### Work order
What lines of the listing below contain the word "Mode"? Copy each of them out.

******************************

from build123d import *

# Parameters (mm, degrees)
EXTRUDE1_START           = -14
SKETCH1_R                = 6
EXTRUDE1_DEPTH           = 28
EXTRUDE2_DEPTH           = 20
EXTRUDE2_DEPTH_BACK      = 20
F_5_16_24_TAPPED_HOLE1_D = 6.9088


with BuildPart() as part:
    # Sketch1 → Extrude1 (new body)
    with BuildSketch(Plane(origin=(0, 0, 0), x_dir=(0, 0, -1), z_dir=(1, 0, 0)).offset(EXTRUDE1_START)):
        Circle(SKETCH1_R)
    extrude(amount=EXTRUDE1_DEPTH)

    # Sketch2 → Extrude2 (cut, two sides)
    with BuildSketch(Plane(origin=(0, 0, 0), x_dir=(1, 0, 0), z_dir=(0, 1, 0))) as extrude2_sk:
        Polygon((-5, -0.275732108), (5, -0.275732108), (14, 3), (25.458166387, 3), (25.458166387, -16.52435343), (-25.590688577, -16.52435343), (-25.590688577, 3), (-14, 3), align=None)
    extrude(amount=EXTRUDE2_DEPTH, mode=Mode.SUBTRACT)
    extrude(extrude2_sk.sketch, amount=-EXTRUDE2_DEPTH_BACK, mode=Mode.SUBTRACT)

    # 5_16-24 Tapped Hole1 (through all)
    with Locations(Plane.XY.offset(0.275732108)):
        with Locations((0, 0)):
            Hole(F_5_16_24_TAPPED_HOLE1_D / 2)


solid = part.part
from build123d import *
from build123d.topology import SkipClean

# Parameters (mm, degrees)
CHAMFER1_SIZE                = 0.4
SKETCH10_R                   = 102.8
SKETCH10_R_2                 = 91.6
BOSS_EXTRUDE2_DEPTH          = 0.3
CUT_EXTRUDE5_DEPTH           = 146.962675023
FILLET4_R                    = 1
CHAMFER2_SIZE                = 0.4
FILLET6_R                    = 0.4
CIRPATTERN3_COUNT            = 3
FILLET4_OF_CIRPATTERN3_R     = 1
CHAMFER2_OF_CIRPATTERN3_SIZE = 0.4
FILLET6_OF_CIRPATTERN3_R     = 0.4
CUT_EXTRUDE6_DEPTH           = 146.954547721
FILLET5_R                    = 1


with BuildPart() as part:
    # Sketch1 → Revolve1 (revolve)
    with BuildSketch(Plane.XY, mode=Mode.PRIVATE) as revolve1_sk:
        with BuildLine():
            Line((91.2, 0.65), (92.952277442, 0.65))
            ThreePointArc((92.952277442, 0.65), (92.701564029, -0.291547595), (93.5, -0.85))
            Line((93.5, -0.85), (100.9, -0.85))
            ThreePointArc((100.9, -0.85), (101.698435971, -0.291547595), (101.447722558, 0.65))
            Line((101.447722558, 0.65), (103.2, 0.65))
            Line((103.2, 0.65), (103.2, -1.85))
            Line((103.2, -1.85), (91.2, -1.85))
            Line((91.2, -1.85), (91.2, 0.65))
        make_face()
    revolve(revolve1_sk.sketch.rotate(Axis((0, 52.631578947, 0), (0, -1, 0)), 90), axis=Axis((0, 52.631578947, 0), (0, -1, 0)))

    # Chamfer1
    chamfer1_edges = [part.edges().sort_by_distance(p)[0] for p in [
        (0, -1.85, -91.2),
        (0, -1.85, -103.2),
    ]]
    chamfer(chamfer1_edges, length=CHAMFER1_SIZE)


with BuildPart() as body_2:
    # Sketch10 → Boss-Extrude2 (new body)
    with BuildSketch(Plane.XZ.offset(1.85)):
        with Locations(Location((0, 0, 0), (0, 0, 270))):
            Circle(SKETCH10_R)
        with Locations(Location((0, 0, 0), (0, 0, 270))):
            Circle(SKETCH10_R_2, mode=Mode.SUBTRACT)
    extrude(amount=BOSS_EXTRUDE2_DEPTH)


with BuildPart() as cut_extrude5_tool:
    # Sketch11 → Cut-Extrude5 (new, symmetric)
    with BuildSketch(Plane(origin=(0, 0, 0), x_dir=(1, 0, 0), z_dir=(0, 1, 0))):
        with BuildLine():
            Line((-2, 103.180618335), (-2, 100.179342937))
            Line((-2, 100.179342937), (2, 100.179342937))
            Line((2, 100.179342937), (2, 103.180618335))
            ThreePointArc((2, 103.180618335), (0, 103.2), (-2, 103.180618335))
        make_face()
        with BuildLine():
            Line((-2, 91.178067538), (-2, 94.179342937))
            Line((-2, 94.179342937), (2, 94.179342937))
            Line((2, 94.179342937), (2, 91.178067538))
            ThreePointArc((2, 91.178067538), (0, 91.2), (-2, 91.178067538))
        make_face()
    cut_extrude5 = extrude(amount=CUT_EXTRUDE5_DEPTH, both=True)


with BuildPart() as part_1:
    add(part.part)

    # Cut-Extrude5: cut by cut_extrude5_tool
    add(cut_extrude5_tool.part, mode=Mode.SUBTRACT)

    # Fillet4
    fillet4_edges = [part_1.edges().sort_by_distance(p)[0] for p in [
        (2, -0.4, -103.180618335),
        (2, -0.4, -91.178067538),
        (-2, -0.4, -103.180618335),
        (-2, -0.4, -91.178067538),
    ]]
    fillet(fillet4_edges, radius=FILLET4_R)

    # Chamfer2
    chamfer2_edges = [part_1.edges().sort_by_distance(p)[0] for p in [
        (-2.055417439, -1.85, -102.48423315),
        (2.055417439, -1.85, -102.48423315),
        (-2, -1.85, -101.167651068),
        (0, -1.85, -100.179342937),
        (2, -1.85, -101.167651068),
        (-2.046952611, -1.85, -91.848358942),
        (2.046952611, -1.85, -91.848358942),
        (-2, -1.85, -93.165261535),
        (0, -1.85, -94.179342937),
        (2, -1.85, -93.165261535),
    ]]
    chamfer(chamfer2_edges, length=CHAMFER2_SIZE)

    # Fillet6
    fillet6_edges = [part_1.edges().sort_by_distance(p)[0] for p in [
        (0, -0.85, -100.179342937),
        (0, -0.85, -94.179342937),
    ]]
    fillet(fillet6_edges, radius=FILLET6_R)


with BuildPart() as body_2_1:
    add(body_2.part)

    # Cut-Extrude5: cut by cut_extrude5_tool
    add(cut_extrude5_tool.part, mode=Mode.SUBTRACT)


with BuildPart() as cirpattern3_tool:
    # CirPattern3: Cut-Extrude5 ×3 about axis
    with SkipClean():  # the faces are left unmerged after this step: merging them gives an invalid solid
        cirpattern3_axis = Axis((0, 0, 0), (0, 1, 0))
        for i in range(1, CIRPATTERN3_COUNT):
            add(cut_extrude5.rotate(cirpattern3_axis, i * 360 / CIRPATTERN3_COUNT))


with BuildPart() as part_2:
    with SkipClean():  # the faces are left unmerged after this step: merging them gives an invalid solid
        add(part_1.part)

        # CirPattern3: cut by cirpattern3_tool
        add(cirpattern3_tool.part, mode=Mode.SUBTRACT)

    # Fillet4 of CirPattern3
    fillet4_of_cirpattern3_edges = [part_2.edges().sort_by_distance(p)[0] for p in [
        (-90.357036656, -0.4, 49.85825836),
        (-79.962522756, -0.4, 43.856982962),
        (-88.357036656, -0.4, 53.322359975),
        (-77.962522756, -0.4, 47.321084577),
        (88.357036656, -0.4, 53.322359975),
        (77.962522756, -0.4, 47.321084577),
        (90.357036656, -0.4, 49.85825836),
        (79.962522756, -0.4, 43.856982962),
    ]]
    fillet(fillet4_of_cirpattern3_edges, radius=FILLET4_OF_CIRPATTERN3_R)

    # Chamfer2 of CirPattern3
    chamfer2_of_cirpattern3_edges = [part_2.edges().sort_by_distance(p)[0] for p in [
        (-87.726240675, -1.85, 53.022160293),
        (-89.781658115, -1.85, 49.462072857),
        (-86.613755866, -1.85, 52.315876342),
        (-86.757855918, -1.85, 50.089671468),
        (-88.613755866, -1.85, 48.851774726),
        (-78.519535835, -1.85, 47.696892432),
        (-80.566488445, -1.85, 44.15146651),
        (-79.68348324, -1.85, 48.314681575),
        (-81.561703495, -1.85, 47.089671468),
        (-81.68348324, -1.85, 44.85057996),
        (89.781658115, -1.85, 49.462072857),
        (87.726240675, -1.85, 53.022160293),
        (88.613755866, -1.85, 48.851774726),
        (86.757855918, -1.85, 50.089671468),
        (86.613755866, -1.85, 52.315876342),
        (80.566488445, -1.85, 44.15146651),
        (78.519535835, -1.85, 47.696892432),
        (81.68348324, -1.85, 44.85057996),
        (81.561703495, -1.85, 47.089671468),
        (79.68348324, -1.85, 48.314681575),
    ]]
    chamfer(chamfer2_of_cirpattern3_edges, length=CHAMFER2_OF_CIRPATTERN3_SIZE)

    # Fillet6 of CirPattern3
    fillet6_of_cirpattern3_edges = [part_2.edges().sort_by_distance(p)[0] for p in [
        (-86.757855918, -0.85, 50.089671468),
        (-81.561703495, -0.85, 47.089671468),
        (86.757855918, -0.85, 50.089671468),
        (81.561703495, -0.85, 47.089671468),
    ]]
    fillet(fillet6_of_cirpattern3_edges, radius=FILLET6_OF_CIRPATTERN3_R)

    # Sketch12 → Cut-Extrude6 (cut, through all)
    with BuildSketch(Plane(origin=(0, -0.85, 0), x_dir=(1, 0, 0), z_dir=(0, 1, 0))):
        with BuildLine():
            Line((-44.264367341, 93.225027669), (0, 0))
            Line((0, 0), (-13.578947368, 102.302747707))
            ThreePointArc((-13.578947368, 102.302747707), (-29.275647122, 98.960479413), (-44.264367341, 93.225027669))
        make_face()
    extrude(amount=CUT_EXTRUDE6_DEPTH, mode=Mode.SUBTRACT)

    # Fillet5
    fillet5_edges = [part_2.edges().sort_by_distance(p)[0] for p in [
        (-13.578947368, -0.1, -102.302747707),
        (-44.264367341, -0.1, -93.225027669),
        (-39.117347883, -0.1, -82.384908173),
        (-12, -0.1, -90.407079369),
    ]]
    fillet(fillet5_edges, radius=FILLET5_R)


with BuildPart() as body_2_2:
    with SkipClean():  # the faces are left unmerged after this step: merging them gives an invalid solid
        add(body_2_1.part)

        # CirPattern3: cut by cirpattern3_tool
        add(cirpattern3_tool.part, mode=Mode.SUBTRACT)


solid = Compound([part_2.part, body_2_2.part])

******************************

### Response area
    extrude(amount=EXTRUDE2_DEPTH, mode=Mode.SUBTRACT)
    extrude(extrude2_sk.sketch, amount=-EXTRUDE2_DEPTH_BACK, mode=Mode.SUBTRACT)
    with BuildSketch(Plane.XY, mode=Mode.PRIVATE) as revolve1_sk:
            Circle(SKETCH10_R_2, mode=Mode.SUBTRACT)
    add(cut_extrude5_tool.part, mode=Mode.SUBTRACT)
    add(cut_extrude5_tool.part, mode=Mode.SUBTRACT)
        add(cirpattern3_tool.part, mode=Mode.SUBTRACT)
    extrude(amount=CUT_EXTRUDE6_DEPTH, mode=Mode.SUBTRACT)
        add(cirpattern3_tool.part, mode=Mode.SUBTRACT)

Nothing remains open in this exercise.